(Collected data)
+--
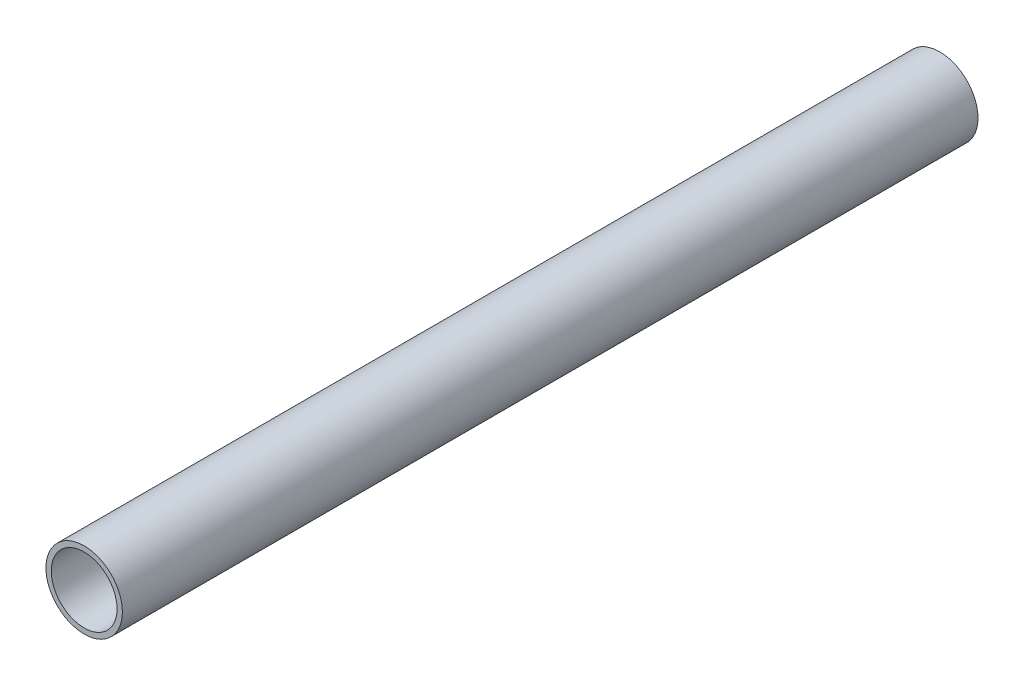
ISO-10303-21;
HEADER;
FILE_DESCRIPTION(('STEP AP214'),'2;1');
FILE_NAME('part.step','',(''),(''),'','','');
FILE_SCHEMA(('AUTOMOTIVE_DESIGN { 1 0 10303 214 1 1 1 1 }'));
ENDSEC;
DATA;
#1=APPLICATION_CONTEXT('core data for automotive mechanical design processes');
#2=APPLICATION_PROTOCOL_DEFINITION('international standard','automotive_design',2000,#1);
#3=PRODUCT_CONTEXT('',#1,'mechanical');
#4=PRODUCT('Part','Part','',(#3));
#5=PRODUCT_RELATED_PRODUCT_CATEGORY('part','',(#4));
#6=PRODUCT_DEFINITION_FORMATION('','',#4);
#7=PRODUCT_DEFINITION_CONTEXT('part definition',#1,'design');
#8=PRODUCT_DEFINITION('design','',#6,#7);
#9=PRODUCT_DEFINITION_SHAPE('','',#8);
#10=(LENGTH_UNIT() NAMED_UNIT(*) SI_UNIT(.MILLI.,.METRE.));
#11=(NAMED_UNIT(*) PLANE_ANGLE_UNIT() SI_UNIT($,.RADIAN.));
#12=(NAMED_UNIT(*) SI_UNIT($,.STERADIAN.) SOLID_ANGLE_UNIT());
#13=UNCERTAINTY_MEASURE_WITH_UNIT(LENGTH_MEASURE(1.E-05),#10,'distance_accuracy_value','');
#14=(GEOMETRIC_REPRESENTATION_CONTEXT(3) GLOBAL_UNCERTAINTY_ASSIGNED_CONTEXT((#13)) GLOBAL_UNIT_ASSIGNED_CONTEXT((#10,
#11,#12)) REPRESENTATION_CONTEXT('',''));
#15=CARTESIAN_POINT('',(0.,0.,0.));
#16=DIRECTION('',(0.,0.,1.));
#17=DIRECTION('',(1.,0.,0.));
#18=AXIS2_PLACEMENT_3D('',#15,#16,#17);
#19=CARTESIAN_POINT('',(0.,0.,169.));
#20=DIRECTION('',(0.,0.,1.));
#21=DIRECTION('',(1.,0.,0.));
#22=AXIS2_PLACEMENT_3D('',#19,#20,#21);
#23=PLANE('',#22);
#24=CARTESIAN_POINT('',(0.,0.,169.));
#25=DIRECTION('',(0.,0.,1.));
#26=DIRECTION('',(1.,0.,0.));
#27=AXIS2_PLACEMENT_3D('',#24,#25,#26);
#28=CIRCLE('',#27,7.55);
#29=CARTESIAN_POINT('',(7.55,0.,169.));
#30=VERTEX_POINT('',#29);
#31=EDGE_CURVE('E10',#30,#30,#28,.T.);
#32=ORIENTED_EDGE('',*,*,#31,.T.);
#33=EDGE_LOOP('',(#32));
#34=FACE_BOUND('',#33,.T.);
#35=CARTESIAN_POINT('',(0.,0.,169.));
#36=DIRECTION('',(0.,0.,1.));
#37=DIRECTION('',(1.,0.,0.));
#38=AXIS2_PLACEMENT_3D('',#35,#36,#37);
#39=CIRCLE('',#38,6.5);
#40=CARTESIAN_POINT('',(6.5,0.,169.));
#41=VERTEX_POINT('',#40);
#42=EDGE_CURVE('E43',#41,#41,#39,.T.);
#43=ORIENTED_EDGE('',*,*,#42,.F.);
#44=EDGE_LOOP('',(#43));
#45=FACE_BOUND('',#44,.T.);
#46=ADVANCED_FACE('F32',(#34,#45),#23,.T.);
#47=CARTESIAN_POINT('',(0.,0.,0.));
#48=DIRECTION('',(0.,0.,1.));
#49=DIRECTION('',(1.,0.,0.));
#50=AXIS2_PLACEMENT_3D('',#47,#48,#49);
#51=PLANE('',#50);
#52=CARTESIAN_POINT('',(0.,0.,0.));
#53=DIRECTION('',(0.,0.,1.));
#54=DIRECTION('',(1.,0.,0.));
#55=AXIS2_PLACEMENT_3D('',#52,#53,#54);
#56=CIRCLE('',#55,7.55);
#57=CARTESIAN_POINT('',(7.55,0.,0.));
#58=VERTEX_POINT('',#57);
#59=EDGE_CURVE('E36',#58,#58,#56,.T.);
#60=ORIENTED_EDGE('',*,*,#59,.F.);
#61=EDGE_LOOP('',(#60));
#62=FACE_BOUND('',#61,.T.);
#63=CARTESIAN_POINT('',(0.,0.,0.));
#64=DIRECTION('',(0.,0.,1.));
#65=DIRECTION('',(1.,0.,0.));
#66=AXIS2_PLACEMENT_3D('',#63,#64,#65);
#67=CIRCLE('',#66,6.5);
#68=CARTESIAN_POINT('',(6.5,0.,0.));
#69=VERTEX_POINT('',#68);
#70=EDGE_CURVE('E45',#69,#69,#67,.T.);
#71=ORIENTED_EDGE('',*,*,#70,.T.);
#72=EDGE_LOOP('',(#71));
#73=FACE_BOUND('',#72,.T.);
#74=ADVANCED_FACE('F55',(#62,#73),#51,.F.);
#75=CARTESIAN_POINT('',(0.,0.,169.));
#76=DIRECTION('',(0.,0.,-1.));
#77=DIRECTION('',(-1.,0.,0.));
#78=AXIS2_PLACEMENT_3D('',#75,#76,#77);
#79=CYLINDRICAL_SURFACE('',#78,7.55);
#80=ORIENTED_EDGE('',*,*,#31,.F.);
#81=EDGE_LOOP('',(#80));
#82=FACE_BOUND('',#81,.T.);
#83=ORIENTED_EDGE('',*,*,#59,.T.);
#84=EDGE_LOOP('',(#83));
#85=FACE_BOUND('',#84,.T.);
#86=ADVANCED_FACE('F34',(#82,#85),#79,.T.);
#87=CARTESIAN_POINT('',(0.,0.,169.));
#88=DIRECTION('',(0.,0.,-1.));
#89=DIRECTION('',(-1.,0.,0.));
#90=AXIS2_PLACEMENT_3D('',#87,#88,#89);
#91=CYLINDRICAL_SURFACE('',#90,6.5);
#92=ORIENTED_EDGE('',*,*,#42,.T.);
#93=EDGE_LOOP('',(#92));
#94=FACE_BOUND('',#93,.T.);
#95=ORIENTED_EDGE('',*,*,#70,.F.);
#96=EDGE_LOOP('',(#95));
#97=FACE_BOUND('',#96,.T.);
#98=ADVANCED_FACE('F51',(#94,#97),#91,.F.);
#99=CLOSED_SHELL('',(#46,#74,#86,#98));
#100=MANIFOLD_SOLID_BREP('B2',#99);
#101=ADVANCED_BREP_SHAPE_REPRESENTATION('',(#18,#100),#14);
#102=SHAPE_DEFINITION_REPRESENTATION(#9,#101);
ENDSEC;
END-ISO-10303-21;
+--
**TASK GOAL:** Transcribe, exactly and without additions, the lines of the records above, beginning with the line that contains "#67=CIRCLE('',#66,6.5);" and ending with the line that contains "#77=DIRECTION('',(-1.,0.,0.));", both included.

**RESPONSE AREA:**
#67=CIRCLE('',#66,6.5);
#68=CARTESIAN_POINT('',(6.5,0.,0.));
#69=VERTEX_POINT('',#68);
#70=EDGE_CURVE('E45',#69,#69,#67,.T.);
#71=ORIENTED_EDGE('',*,*,#70,.T.);
#72=EDGE_LOOP('',(#71));
#73=FACE_BOUND('',#72,.T.);
#74=ADVANCED_FACE('F55',(#62,#73),#51,.F.);
#75=CARTESIAN_POINT('',(0.,0.,169.));
#76=DIRECTION('',(0.,0.,-1.));
#77=DIRECTION('',(-1.,0.,0.));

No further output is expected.